== Data to examine ==

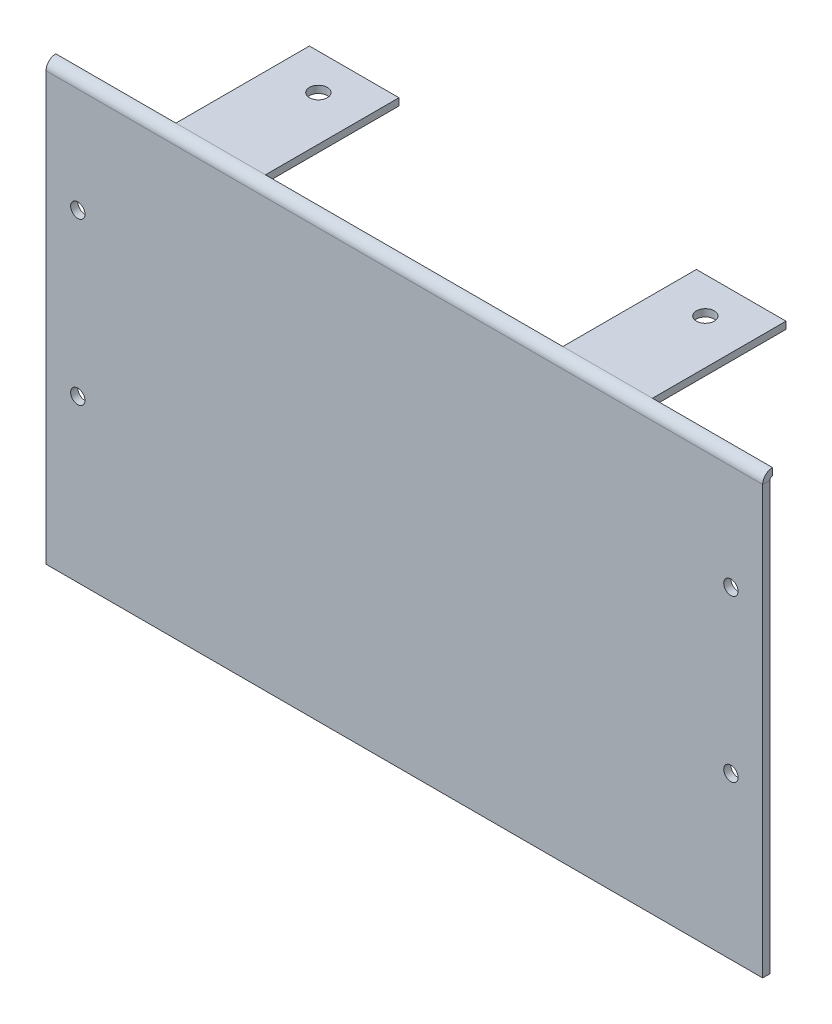
from build123d import *

# Parameters (mm, degrees)
SKETCH2_W                    = 200
SKETCH2_H                    = 120
BASE_FLANGE1_DEPTH           = 2
CUT_EXTRUDE1_REACH           = 235.247
SKETCH7_R                    = 2
EDGE_FLANGE1_STRIP_W         = 9.4732
EDGE_FLANGE1_STRIP_H         = 2
EDGE_FLANGE1_STRIP_CUT_DEPTH = 200
EDGE_FLANGE1_DEPTH           = 200
CUT_EXTRUDE2_REACH           = 239.664
SKETCH11_R                   = 2.5
SKETCH11_W                   = 33.5
SKETCH11_H                   = 37.2634
SKETCH11_W_2                 = 83


# Sheet-metal steps are written as plain solids
with BuildPart() as part:
    # Sketch2 → Base-Flange1 (new body)
    with BuildSketch(Plane.XY):
        with Locations((100, 60)):
            Rectangle(SKETCH2_W, SKETCH2_H)
    extrude(amount=-BASE_FLANGE1_DEPTH)

    # Sketch7 → Cut-Extrude1 (cut, up to next)
    with BuildSketch(Plane.XY, mode=Mode.PRIVATE) as cut_extrude1_sk1:
        with Locations((8.87, 90)):
            Circle(SKETCH7_R)
    cut_extrude1_tool1 = extrude(cut_extrude1_sk1.sketch, amount=-CUT_EXTRUDE1_REACH, mode=Mode.PRIVATE) & part.part
    # Sketch7 → Cut-Extrude1 (cut, up to next)
    with BuildSketch(Plane.XY, mode=Mode.PRIVATE) as cut_extrude1_sk2:
        with Locations((8.87, 45)):
            Circle(SKETCH7_R)
    cut_extrude1_tool2 = extrude(cut_extrude1_sk2.sketch, amount=-CUT_EXTRUDE1_REACH, mode=Mode.PRIVATE) & part.part
    # Sketch7 → Cut-Extrude1 (cut, up to next)
    with BuildSketch(Plane.XY, mode=Mode.PRIVATE) as cut_extrude1_sk3:
        with Locations((191.13, 45)):
            Circle(SKETCH7_R)
    cut_extrude1_tool3 = extrude(cut_extrude1_sk3.sketch, amount=-CUT_EXTRUDE1_REACH, mode=Mode.PRIVATE) & part.part
    # Sketch7 → Cut-Extrude1 (cut, up to next)
    with BuildSketch(Plane.XY, mode=Mode.PRIVATE) as cut_extrude1_sk4:
        with Locations((191.13, 90)):
            Circle(SKETCH7_R)
    cut_extrude1_tool4 = extrude(cut_extrude1_sk4.sketch, amount=-CUT_EXTRUDE1_REACH, mode=Mode.PRIVATE) & part.part
    add(cut_extrude1_tool1.solids().sort_by_distance((8.87, 90, 0))[0], mode=Mode.SUBTRACT)
    add(cut_extrude1_tool2.solids().sort_by_distance((8.87, 45, 0))[0], mode=Mode.SUBTRACT)
    add(cut_extrude1_tool3.solids().sort_by_distance((191.13, 45, 0))[0], mode=Mode.SUBTRACT)
    add(cut_extrude1_tool4.solids().sort_by_distance((191.13, 90, 0))[0], mode=Mode.SUBTRACT)

    # Edge-Flange1 strip (across the edge) → Edge-Flange1 strip cut (cut)
    with BuildSketch(Plane(origin=(0, 120, -2), x_dir=(0, -1, 0), z_dir=(1, 0, 0))):
        with Locations((-4, -1)):
            Rectangle(EDGE_FLANGE1_STRIP_W, EDGE_FLANGE1_STRIP_H)
    extrude(amount=EDGE_FLANGE1_STRIP_CUT_DEPTH, mode=Mode.SUBTRACT)

    # Edge-Flange1 section (across the edge) → Edge-Flange1 (add)
    with BuildSketch(Plane(origin=(0, 120, -2), x_dir=(0, -1, 0), z_dir=(1, 0, 0))):
        with BuildLine():
            Line((-2, 0.7366), (-2, 38))
            Line((-2, 38), (0, 38))
            Line((0, 38), (0, 0.7366))
            ThreePointArc((0, 0.7366), (0.215745145, 0.215745145), (0.7366, 0))
            Line((0.7366, 0), (0.7366, -2))
            ThreePointArc((0.7366, -2), (-1.198468417, -1.198468417), (-2, 0.7366))
        make_face()
    extrude(amount=EDGE_FLANGE1_DEPTH)

    # Sketch11 → Cut-Extrude2 (cut, up to next)
    with BuildSketch(Plane(origin=(0, 122, 0), x_dir=(1, 0, 0), z_dir=(0, 1, 0)), mode=Mode.PRIVATE) as cut_extrude2_sk1:
        with Locations(Location((154, 30, 0), (0, 0, 270))):
            Circle(SKETCH11_R)
    cut_extrude2_tool1 = extrude(cut_extrude2_sk1.sketch, amount=-CUT_EXTRUDE2_REACH, mode=Mode.PRIVATE) & part.part
    # Sketch11 → Cut-Extrude2 (cut, up to next)
    with BuildSketch(Plane(origin=(0, 122, 0), x_dir=(1, 0, 0), z_dir=(0, 1, 0)), mode=Mode.PRIVATE) as cut_extrude2_sk2:
        with Locations(Location((46, 30, 0), (0, 0, 270))):
            Circle(SKETCH11_R)
    cut_extrude2_tool2 = extrude(cut_extrude2_sk2.sketch, amount=-CUT_EXTRUDE2_REACH, mode=Mode.PRIVATE) & part.part
    # Sketch11 → Cut-Extrude2 (cut, up to next)
    with BuildSketch(Plane(origin=(0, 122, 0), x_dir=(1, 0, 0), z_dir=(0, 1, 0)), mode=Mode.PRIVATE) as cut_extrude2_sk3:
        with Locations((183.25, 21.3683)):
            Rectangle(SKETCH11_W, SKETCH11_H)
    cut_extrude2_tool3 = extrude(cut_extrude2_sk3.sketch, amount=-CUT_EXTRUDE2_REACH, mode=Mode.PRIVATE) & part.part
    # Sketch11 → Cut-Extrude2 (cut, up to next)
    with BuildSketch(Plane(origin=(0, 122, 0), x_dir=(1, 0, 0), z_dir=(0, 1, 0)), mode=Mode.PRIVATE) as cut_extrude2_sk4:
        with Locations((100, 21.3683)):
            Rectangle(SKETCH11_W_2, SKETCH11_H)
    cut_extrude2_tool4 = extrude(cut_extrude2_sk4.sketch, amount=-CUT_EXTRUDE2_REACH, mode=Mode.PRIVATE) & part.part
    # Sketch11 → Cut-Extrude2 (cut, up to next)
    with BuildSketch(Plane(origin=(0, 122, 0), x_dir=(1, 0, 0), z_dir=(0, 1, 0)), mode=Mode.PRIVATE) as cut_extrude2_sk5:
        with Locations((16.75, 21.3683)):
            Rectangle(SKETCH11_W, SKETCH11_H)
    cut_extrude2_tool5 = extrude(cut_extrude2_sk5.sketch, amount=-CUT_EXTRUDE2_REACH, mode=Mode.PRIVATE) & part.part
    add(cut_extrude2_tool1.solids().sort_by_distance((154, 122, -30))[0], mode=Mode.SUBTRACT)
    add(cut_extrude2_tool2.solids().sort_by_distance((46, 122, -30))[0], mode=Mode.SUBTRACT)
    add(cut_extrude2_tool3.solids().sort_by_distance((183.25, 122, -21.3683))[0], mode=Mode.SUBTRACT)
    add(cut_extrude2_tool4.solids().sort_by_distance((100, 122, -21.3683))[0], mode=Mode.SUBTRACT)
    add(cut_extrude2_tool5.solids().sort_by_distance((16.75, 122, -21.3683))[0], mode=Mode.SUBTRACT)


solid = part.part

===

Work order — Please show the lines in the entries above that hold the string "across".

Output —
    # Edge-Flange1 strip (across the edge) → Edge-Flange1 strip cut (cut)
    # Edge-Flange1 section (across the edge) → Edge-Flange1 (add)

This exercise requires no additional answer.